Both Trump and former Florida Gov. Jeb Bush had mass filing days where all their candidates applied to get on the ballot.

“The very first task was to fill the slate,” Mooney said.

Direct election

West Virginia’s Republican primary method is called direct delegate election and is one of the country’s oldest forms of a primary election, dating back to when Florida adopted the first primary in 1904.

Other states, like Alabama, directly elect delegates on the ballot, but they’re allocated based on the majority vote from the state. Pennsylvania directly elects their at-large delegates, but they’re all considered uncommitted and go into the convention as free agents.

Most states skip direct election altogether and host state conventions to choose the delegates for the state. (That’s how Democrats in West Virginia do it.
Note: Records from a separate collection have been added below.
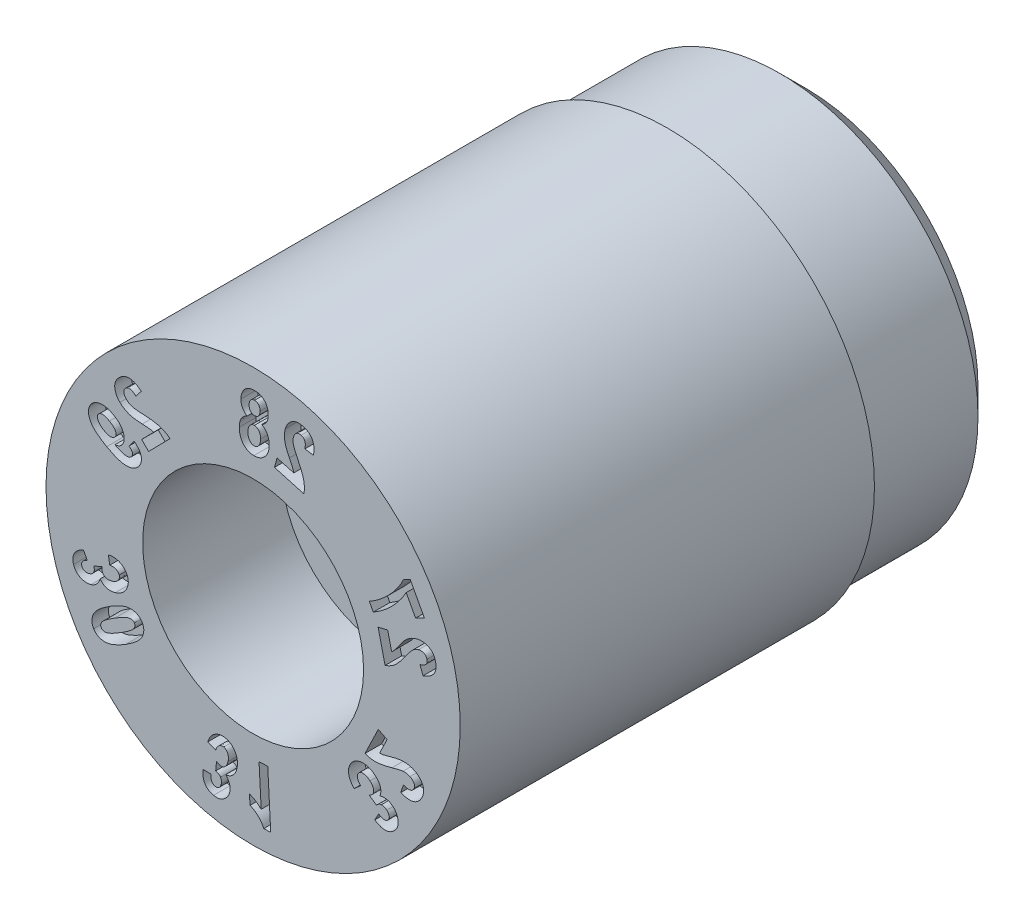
from build123d import *

# Parameters (mm, degrees)
SKETCH5_W          = 1
SKETCH5_H          = 1
CUT_EXTRUDE3_DEPTH = 0.12


with BuildPart() as part:
    # Sketch1 → Revolve1 (revolve)
    with BuildSketch(Plane(origin=(0, 0, 0), x_dir=(0, 0, -1), z_dir=(1, 0, 0)), mode=Mode.PRIVATE) as revolve1_sk:
        Polygon((0, 1.5), (0, 0.8), (1, 0.8), (1, 0.5), (4, 0.5), (4, 1.25), (3.75, 1.5), align=None)
    revolve(revolve1_sk.sketch.rotate(Axis((0, 0, 3.797909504), (0, 0, -1)), 90), axis=Axis((0, 0, 3.797909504), (0, 0, -1)))

    # Sketch5 → Cut-Revolve1 (revolve, cut)
    with BuildSketch(Plane(origin=(0, 0, 0), x_dir=(0, 0, -1), z_dir=(1, 0, 0)), mode=Mode.PRIVATE) as cut_revolve1_sk:
        with Locations((3.5, 1.935)):
            Rectangle(SKETCH5_W, SKETCH5_H)
    revolve(cut_revolve1_sk.sketch.rotate(Axis((0, 0, 0), (0, 0, -1)), 90), axis=Axis((0, 0, 0), (0, 0, -1)), mode=Mode.SUBTRACT)

    # Sketch12 → Cut-Extrude3 (cut)
    # profile 1 of 12: a face of its own
    with BuildSketch(Plane.XY):
        with BuildLine():
            Line((0.974609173, 0.338144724), (0.905148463, 0.321745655))
            Line((0.905148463, 0.321745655), (0.955971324, 0.10664616))
            add(Edge.make_bspline(
                [(0.955971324, 0.10664616), (0.962315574, 0.108938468), (0.9749237, 0.113494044), (0.992944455, 0.122459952), (1.010020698, 0.133080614), (1.023609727, 0.14335984), (1.034378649, 0.152803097), (1.042804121, 0.161254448), (1.051780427, 0.170814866), (1.061181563, 0.181607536), (1.071021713, 0.19360956), (1.081394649, 0.206736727), (1.092033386, 0.221178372), (1.09923475, 0.231232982), (1.102955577, 0.236428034)],
                knots=[0, 0, 0, 0, 1.213893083, 2.412407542, 3.616139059, 4.830628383, 5.475865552, 6.193816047, 6.978445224, 7.837046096, 8.770495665, 9.772985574, 10.849338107, 12, 12, 12, 12], degree=3))
            add(Edge.make_bspline(
                [(1.102955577, 0.236428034), (1.105862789, 0.240524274), (1.111410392, 0.248340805), (1.119537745, 0.259338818), (1.126882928, 0.269197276), (1.133503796, 0.277877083), (1.139508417, 0.28532577), (1.14481139, 0.291570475), (1.149295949, 0.296733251), (1.15224648, 0.299573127), (1.153560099, 0.300837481)],
                knots=[0, 0, 0, 0, 1.470113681, 2.80530214, 4.002305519, 5.068324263, 6.000261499, 6.801944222, 7.466608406, 8, 8, 8, 8], degree=3))
            add(Edge.make_bspline(
                [(1.153560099, 0.300837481), (1.156958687, 0.303909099), (1.16357661, 0.309890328), (1.174586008, 0.317015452), (1.185919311, 0.322676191), (1.193908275, 0.324906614), (1.19787527, 0.326014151)],
                knots=[0, 0, 0, 0, 1.064698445, 2.073241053, 3.043249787, 4, 4, 4, 4], degree=3))
            add(Edge.make_bspline(
                [(1.19787527, 0.326014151), (1.201924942, 0.326825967), (1.209539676, 0.328352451), (1.22062684, 0.328792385), (1.230511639, 0.327364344), (1.239163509, 0.324062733), (1.246461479, 0.319186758), (1.252373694, 0.312932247), (1.256840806, 0.305341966), (1.258458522, 0.299639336), (1.259296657, 0.296684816)],
                knots=[0, 0, 0, 0, 1.286861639, 2.41972907, 3.44296348, 4.380779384, 5.284129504, 6.157128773, 7.045212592, 8, 8, 8, 8], degree=3))
            add(Edge.make_bspline(
                [(1.259296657, 0.296684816), (1.259926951, 0.293416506), (1.261135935, 0.28714747), (1.260086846, 0.277767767), (1.257100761, 0.269079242), (1.251526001, 0.261321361), (1.243938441, 0.25429521), (1.23416358, 0.248073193), (1.222226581, 0.242691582), (1.213417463, 0.239872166), (1.208735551, 0.23837369)],
                knots=[0, 0, 0, 0, 0.918120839, 1.761073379, 2.583477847, 3.439679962, 4.379580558, 5.436722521, 6.637657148, 8, 8, 8, 8], degree=3))
            Line((1.208735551, 0.23837369), (1.230664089, 0.17910678))
            add(Edge.make_bspline(
                [(1.230664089, 0.17910678), (1.23535633, 0.180779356), (1.244438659, 0.184016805), (1.257329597, 0.189580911), (1.26899065, 0.195717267), (1.279676, 0.202077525), (1.289030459, 0.209190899), (1.297418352, 0.216531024), (1.304512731, 0.224475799), (1.310503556, 0.232841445), (1.315380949, 0.241631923), (1.319207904, 0.250799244), (1.322188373, 0.260255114), (1.323991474, 0.270141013), (1.324778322, 0.28036738), (1.324624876, 0.290957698), (1.323321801, 0.301884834), (1.321802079, 0.309205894), (1.321025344, 0.312947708)],
                knots=[0, 0, 0, 0, 1.321152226, 2.557229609, 3.720050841, 4.814888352, 5.850918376, 6.832839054, 7.767048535, 8.669200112, 9.557022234, 10.427296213, 11.300376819, 12.181677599, 13.086309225, 14.017204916, 14.986587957, 16, 16, 16, 16], degree=3))
            add(Edge.make_bspline(
                [(1.321025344, 0.312947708), (1.319970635, 0.317002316), (1.31792302, 0.324873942), (1.313647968, 0.335965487), (1.308582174, 0.346060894), (1.302583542, 0.35510977), (1.295861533, 0.363284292), (1.288120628, 0.370267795), (1.279630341, 0.37632434), (1.270354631, 0.381213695), (1.260658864, 0.385242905), (1.250746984, 0.388342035), (1.240775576, 0.390712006), (1.230644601, 0.392012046), (1.220429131, 0.3926537), (1.210056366, 0.392308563), (1.199609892, 0.391109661), (1.192688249, 0.38963744), (1.189200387, 0.388895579)],
                knots=[0, 0, 0, 0, 1.174391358, 2.279966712, 3.327326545, 4.336455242, 5.319446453, 6.287707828, 7.252005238, 8.237483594, 9.22202635, 10.193494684, 11.147734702, 12.092877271, 13.054932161, 14.015938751, 15.000218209, 16, 16, 16, 16], degree=3))
            add(Edge.make_bspline(
                [(1.189200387, 0.388895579), (1.185251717, 0.387862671), (1.177422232, 0.385814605), (1.165949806, 0.381834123), (1.154895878, 0.377010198), (1.144126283, 0.371496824), (1.133693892, 0.365071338), (1.123462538, 0.357809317), (1.113457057, 0.34956034), (1.105181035, 0.342093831), (1.098521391, 0.335394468), (1.093233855, 0.329675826), (1.087714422, 0.323283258), (1.081960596, 0.316220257), (1.075962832, 0.308480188), (1.069549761, 0.300174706), (1.063061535, 0.29106488), (1.058616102, 0.284795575), (1.056326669, 0.281566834)],
                knots=[0, 0, 0, 0, 1.117855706, 2.216501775, 3.322499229, 4.419593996, 5.528196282, 6.676118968, 7.853924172, 9.078742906, 9.728012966, 10.441119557, 11.211980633, 12.041344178, 12.936494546, 13.894495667, 14.915648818, 16, 16, 16, 16], degree=3))
            add(Edge.make_bspline(
                [(1.056326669, 0.281566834), (1.054253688, 0.278584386), (1.050294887, 0.272888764), (1.044453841, 0.264877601), (1.039345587, 0.257549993), (1.034662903, 0.251153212), (1.030498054, 0.245640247), (1.026938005, 0.240928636), (1.023894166, 0.237070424), (1.01931627, 0.231391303), (1.012798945, 0.224259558), (1.006489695, 0.218819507), (1.003470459, 0.216216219)],
                knots=[0, 0, 0, 0, 1.292399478, 2.468114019, 3.527722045, 4.470738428, 5.288803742, 5.986325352, 6.572030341, 7.037354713, 8.582251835, 10, 10, 10, 10], degree=3))
            Line((1.003470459, 0.216216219), (0.974609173, 0.338144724))
        make_face()
    # profile 2 of 12: a face of its own
    with BuildSketch(Plane.XY):
        with BuildLine():
            Line((1.17689468, 0.513689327), (1.239887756, 0.54761878))
            Line((1.239887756, 0.54761878), (1.137371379, 0.737560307))
            Line((1.137371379, 0.737560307), (1.08814289, 0.711011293))
            add(Edge.make_bspline(
                [(1.08814289, 0.711011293), (1.086768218, 0.707713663), (1.083923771, 0.700890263), (1.078871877, 0.690621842), (1.073126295, 0.679918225), (1.066585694, 0.668826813), (1.05941052, 0.657253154), (1.051454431, 0.645282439), (1.042741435, 0.632939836), (1.030248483, 0.615797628), (1.013395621, 0.594424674), (0.99127685, 0.569746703), (0.967673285, 0.545761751), (0.946655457, 0.526806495), (0.929362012, 0.512215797), (0.916448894, 0.501820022), (0.903700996, 0.491972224), (0.891046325, 0.482765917), (0.878508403, 0.474112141), (0.866079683, 0.46605945), (0.853733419, 0.458679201), (0.845491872, 0.454077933), (0.84142392, 0.451806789)],
                knots=[0, 0, 0, 0, 0.589677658, 1.220150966, 1.888204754, 2.594833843, 3.345437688, 4.136041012, 4.967263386, 5.839397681, 7.637713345, 9.457599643, 11.307662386, 13.190540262, 14.127475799, 15.04279392, 15.927070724, 16.786519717, 17.625922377, 18.441798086, 19.230885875, 20, 20, 20, 20], degree=3))
            Line((0.84142392, 0.451806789), (0.870325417, 0.398319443))
            add(Edge.make_bspline(
                [(0.870325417, 0.398319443), (0.876469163, 0.401933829), (0.888762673, 0.409166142), (0.906759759, 0.420822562), (0.924427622, 0.433078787), (0.941647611, 0.44611475), (0.958609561, 0.459623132), (0.975146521, 0.473871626), (0.991217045, 0.488878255), (1.00700643, 0.504336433), (1.022219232, 0.520330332), (1.036758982, 0.536631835), (1.050657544, 0.553148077), (1.063689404, 0.569991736), (1.076081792, 0.587083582), (1.087709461, 0.604418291), (1.098716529, 0.621974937), (1.105401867, 0.63397331), (1.108740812, 0.639965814)],
                knots=[0, 0, 0, 0, 0.995778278, 1.992531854, 2.994910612, 3.999304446, 5.009408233, 6.023993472, 7.048068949, 8.080890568, 9.110747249, 10.131293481, 11.132338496, 12.125897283, 13.105989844, 14.081317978, 15.04172768, 16, 16, 16, 16], degree=3))
            Line((1.108740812, 0.639965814), (1.17689468, 0.513689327))
        make_face()
    # profile 3 of 12: a face of its own
    with BuildSketch(Plane.XY):
        with BuildLine():
            Line((0.173768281, 1.017058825), (0.154622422, 0.948202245))
            Line((0.154622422, 0.948202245), (0.367811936, 0.88884957))
            add(Edge.make_bspline(
                [(0.367811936, 0.88884957), (0.368883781, 0.895508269), (0.37101474, 0.908746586), (0.371798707, 0.928879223), (0.370748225, 0.948960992), (0.368316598, 0.96584304), (0.365178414, 0.979807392), (0.361941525, 0.991315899), (0.357939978, 1.003824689), (0.352871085, 1.017221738), (0.347250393, 1.031680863), (0.340601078, 1.047056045), (0.333238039, 1.063439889), (0.327865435, 1.074613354), (0.325097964, 1.080368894)],
                knots=[0, 0, 0, 0, 1.212693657, 2.410984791, 3.616827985, 4.82739911, 5.474748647, 6.191100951, 6.977937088, 7.837118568, 8.768013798, 9.769192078, 10.850893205, 12, 12, 12, 12], degree=3))
            add(Edge.make_bspline(
                [(0.325097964, 1.080368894), (0.322926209, 1.084895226), (0.318780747, 1.093535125), (0.313014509, 1.10597394), (0.307851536, 1.117180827), (0.303484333, 1.127243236), (0.299803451, 1.13608867), (0.296844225, 1.143754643), (0.294535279, 1.150222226), (0.293423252, 1.15419519), (0.292927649, 1.15596584)],
                knots=[0, 0, 0, 0, 1.465003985, 2.796411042, 4.000874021, 5.065559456, 5.997255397, 6.796374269, 7.463574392, 8, 8, 8, 8], degree=3))
            add(Edge.make_bspline(
                [(0.292927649, 1.15596584), (0.291902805, 1.16041369), (0.289905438, 1.169082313), (0.288994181, 1.182144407), (0.28943679, 1.194806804), (0.291362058, 1.202883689), (0.292316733, 1.206888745)],
                knots=[0, 0, 0, 0, 1.06194817, 2.069680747, 3.042819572, 4, 4, 4, 4], degree=3))
            add(Edge.make_bspline(
                [(0.292316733, 1.206888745), (0.293542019, 1.210833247), (0.295855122, 1.218279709), (0.300949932, 1.228143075), (0.30690996, 1.236245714), (0.31408197, 1.242178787), (0.321905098, 1.246235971), (0.330233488, 1.248425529), (0.33902306, 1.248665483), (0.344794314, 1.2473582), (0.347768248, 1.246684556)],
                knots=[0, 0, 0, 0, 1.283667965, 2.423318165, 3.440010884, 4.393652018, 5.293669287, 6.163337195, 7.053565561, 8, 8, 8, 8], degree=3))
            add(Edge.make_bspline(
                [(0.347768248, 1.246684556), (0.350907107, 1.245635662), (0.356961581, 1.243612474), (0.364763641, 1.238273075), (0.370910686, 1.231398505), (0.375011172, 1.222763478), (0.377561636, 1.212736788), (0.378211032, 1.201169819), (0.37725964, 1.188111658), (0.375463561, 1.179026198), (0.374505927, 1.174182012)],
                knots=[0, 0, 0, 0, 0.913091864, 1.761241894, 2.586190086, 3.438700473, 4.382142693, 5.436437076, 6.633159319, 8, 8, 8, 8], degree=3))
            Line((0.374505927, 1.174182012), (0.436963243, 1.164690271))
            add(Edge.make_bspline(
                [(0.436963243, 1.164690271), (0.437790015, 1.169597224), (0.439397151, 1.179135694), (0.440611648, 1.193150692), (0.441059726, 1.206383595), (0.440415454, 1.218806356), (0.438886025, 1.230447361), (0.436456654, 1.241319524), (0.432885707, 1.251355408), (0.428471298, 1.260655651), (0.423157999, 1.269194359), (0.417029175, 1.277000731), (0.410066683, 1.284065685), (0.402338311, 1.290468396), (0.393725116, 1.296096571), (0.38438875, 1.301084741), (0.374215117, 1.305327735), (0.367048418, 1.307475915), (0.363369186, 1.308578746)],
                knots=[0, 0, 0, 0, 1.318223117, 2.562452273, 3.72484134, 4.824594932, 5.854809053, 6.83345442, 7.770804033, 8.671683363, 9.556729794, 10.430345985, 11.296396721, 12.18062953, 13.08478433, 14.018259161, 14.982616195, 16, 16, 16, 16], degree=3))
            add(Edge.make_bspline(
                [(0.363369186, 1.308578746), (0.359309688, 1.309603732), (0.351392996, 1.311602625), (0.339578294, 1.313206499), (0.328243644, 1.313733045), (0.317409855, 1.312784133), (0.307013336, 1.310855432), (0.297150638, 1.30746113), (0.287712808, 1.303006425), (0.278990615, 1.297132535), (0.270792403, 1.290593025), (0.263223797, 1.283462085), (0.256420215, 1.275762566), (0.250197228, 1.267635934), (0.244874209, 1.258882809), (0.24018784, 1.249674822), (0.236047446, 1.239994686), (0.234029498, 1.233191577), (0.233007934, 1.229747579)],
                knots=[0, 0, 0, 0, 1.172008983, 2.285611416, 3.333877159, 4.343568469, 5.325485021, 6.288141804, 7.257221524, 8.240307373, 9.22584423, 10.193025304, 11.148855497, 12.101344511, 13.056332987, 14.013724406, 14.994470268, 16, 16, 16, 16], degree=3))
            add(Edge.make_bspline(
                [(0.233007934, 1.229747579), (0.231999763, 1.22578199), (0.229994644, 1.217894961), (0.228021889, 1.205890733), (0.22679029, 1.193857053), (0.226570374, 1.181747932), (0.227029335, 1.169478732), (0.228593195, 1.157007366), (0.230823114, 1.14424117), (0.233431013, 1.133392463), (0.236141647, 1.124365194), (0.238607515, 1.116965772), (0.241605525, 1.109061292), (0.244919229, 1.100547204), (0.248765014, 1.091504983), (0.253073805, 1.081928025), (0.257842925, 1.0717971), (0.261199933, 1.064893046), (0.262935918, 1.061322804)],
                knots=[0, 0, 0, 0, 1.118833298, 2.225210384, 3.324285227, 4.424978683, 5.535506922, 6.679923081, 7.860063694, 9.079469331, 9.729176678, 10.438034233, 11.212479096, 12.041448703, 12.93711857, 13.899988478, 14.914036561, 16, 16, 16, 16], degree=3))
            add(Edge.make_bspline(
                [(0.262935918, 1.061322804), (0.264532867, 1.058051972), (0.267588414, 1.051793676), (0.271901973, 1.042867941), (0.275763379, 1.034823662), (0.27903444, 1.027613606), (0.281943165, 1.0213196), (0.284454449, 1.015946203), (0.286310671, 1.011404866), (0.288988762, 1.004641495), (0.292143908, 0.995494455), (0.293819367, 0.987301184), (0.294625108, 0.983360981)],
                knots=[0, 0, 0, 0, 1.293396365, 2.47473948, 3.522694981, 4.464010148, 5.28798175, 5.986655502, 6.571231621, 7.030809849, 8.572094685, 10, 10, 10, 10], degree=3))
            Line((0.294625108, 0.983360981), (0.173768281, 1.017058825))
        make_face()
    # profile 4 of 12: a face of its own
    with BuildSketch(Plane.XY):
        with BuildLine():
            add(Edge.make_bspline(
                [(0.062153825, 1.171284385), (0.065879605, 1.173344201), (0.073161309, 1.177369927), (0.082768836, 1.185094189), (0.091067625, 1.193790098), (0.097842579, 1.203695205), (0.103083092, 1.21474849), (0.106783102, 1.226865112), (0.109139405, 1.240028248), (0.109472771, 1.249156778), (0.109644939, 1.253871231)],
                knots=[0, 0, 0, 0, 1.012582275, 1.97900149, 2.923330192, 3.867218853, 4.824741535, 5.826122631, 6.877295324, 8, 8, 8, 8], degree=3))
            add(Edge.make_bspline(
                [(0.109644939, 1.253871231), (0.109610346, 1.257719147), (0.109542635, 1.265250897), (0.108247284, 1.276225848), (0.106350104, 1.286649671), (0.103502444, 1.296470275), (0.09969862, 1.305629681), (0.09519648, 1.314253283), (0.08974252, 1.322222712), (0.083533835, 1.329619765), (0.076616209, 1.336300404), (0.068973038, 1.342034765), (0.060826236, 1.346988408), (0.052057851, 1.351020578), (0.042715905, 1.354177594), (0.032760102, 1.356390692), (0.022249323, 1.357916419), (0.015020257, 1.358087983), (0.011336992, 1.358175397)],
                knots=[0, 0, 0, 0, 1.140077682, 2.231540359, 3.27140789, 4.278712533, 5.256158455, 6.207482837, 7.1577244, 8.113064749, 9.066584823, 10.001948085, 10.940230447, 11.888268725, 12.857318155, 13.857925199, 14.908596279, 16, 16, 16, 16], degree=3))
            add(Edge.make_bspline(
                [(0.011336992, 1.358175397), (0.007435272, 1.358109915), (-0.000152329, 1.357982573), (-0.011191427, 1.356695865), (-0.021518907, 1.354383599), (-0.031188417, 1.351260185), (-0.040085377, 1.347031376), (-0.048291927, 1.34191234), (-0.055793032, 1.335854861), (-0.06244998, 1.328836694), (-0.068357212, 1.321209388), (-0.073677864, 1.313176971), (-0.077967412, 1.304581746), (-0.081619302, 1.295660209), (-0.084568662, 1.286351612), (-0.086507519, 1.276576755), (-0.087864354, 1.266425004), (-0.088056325, 1.259500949), (-0.088153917, 1.255981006)],
                knots=[0, 0, 0, 0, 1.163868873, 2.263353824, 3.308972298, 4.317437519, 5.288636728, 6.240313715, 7.197453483, 8.157075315, 9.119376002, 10.073515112, 11.026663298, 11.980119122, 12.948226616, 13.934606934, 14.950027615, 16, 16, 16, 16], degree=3))
            add(Edge.make_bspline(
                [(-0.088153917, 1.255981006), (-0.0880354, 1.251261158), (-0.087804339, 1.24205936), (-0.085638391, 1.228730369), (-0.081925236, 1.216344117), (-0.076622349, 1.205033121), (-0.070027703, 1.194847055), (-0.062297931, 1.185853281), (-0.053429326, 1.178122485), (-0.046728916, 1.1741212), (-0.043364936, 1.172112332)],
                knots=[0, 0, 0, 0, 1.131661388, 2.206283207, 3.22854469, 4.224270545, 5.192799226, 6.130720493, 7.061517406, 8, 8, 8, 8], degree=3))
            add(Edge.make_bspline(
                [(-0.043364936, 1.172112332), (-0.047874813, 1.169777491), (-0.056682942, 1.165217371), (-0.068168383, 1.156064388), (-0.078079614, 1.145767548), (-0.086105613, 1.133919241), (-0.092447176, 1.120725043), (-0.096923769, 1.106098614), (-0.099719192, 1.090071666), (-0.100082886, 1.078902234), (-0.100271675, 1.07310431)],
                knots=[0, 0, 0, 0, 1.00452585, 1.961914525, 2.895620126, 3.828293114, 4.785741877, 5.786969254, 6.851241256, 8, 8, 8, 8], degree=3))
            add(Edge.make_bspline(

Most of the delegates to their national convention are allocated proportionately, based on the popular vote. A few superdelegates — all high-ranking political officials — can vote at the national convention for whomever they want.)

When it comes to Republicans, West Virginia is the only one that allocates the vast majority of its delegates based on voters’ individual preference for those delegates.

“In the majority of states, voters do not have that direct say,” said Josh Putnam, a political analyst and lecturer at the University of Georgia.

The direct say depends on an informed electorate. In years past, delegates have pretty much matched up to the majority vote in the state, but no Republican primary has been this tight in May since the 1970s.

West Virginia hasn’t always used a direct process. In 2008, to get more national media attention, state Republicans held a convention-style caucus to elect at-large delegates on Super Tuesday. They timed it so that the results would be the first to come out, before some states even went to the polls.

But during those caucuses, there was so much political maneuvering that many Republicans were turned off by the event, and vowed not to host a state caucus again.

There is a middle ground. Most states that still use the direct election process (which accounts for 16 percent of the total delegates to the convention, according to FiveThirtyEight.com) allocate those delegates based on the popular vote. That way, voters are picking the people who represent them, but the majority vote still matters.

“Personally, I wish that the popular vote played a larger role,” Lucas said. “And I think because West Virginia matters this year, this highlights some of the issues that we can discuss as a party.”

Even with the current system, voters still have a direct say in who represents them at the convention rather than relying on people who are chosen in what Lucas calls backroom political dealings. He sees that as a point of pride.

“I’m very proud of how the process itself is,” Lucas said. “The delegates are on the ballot.”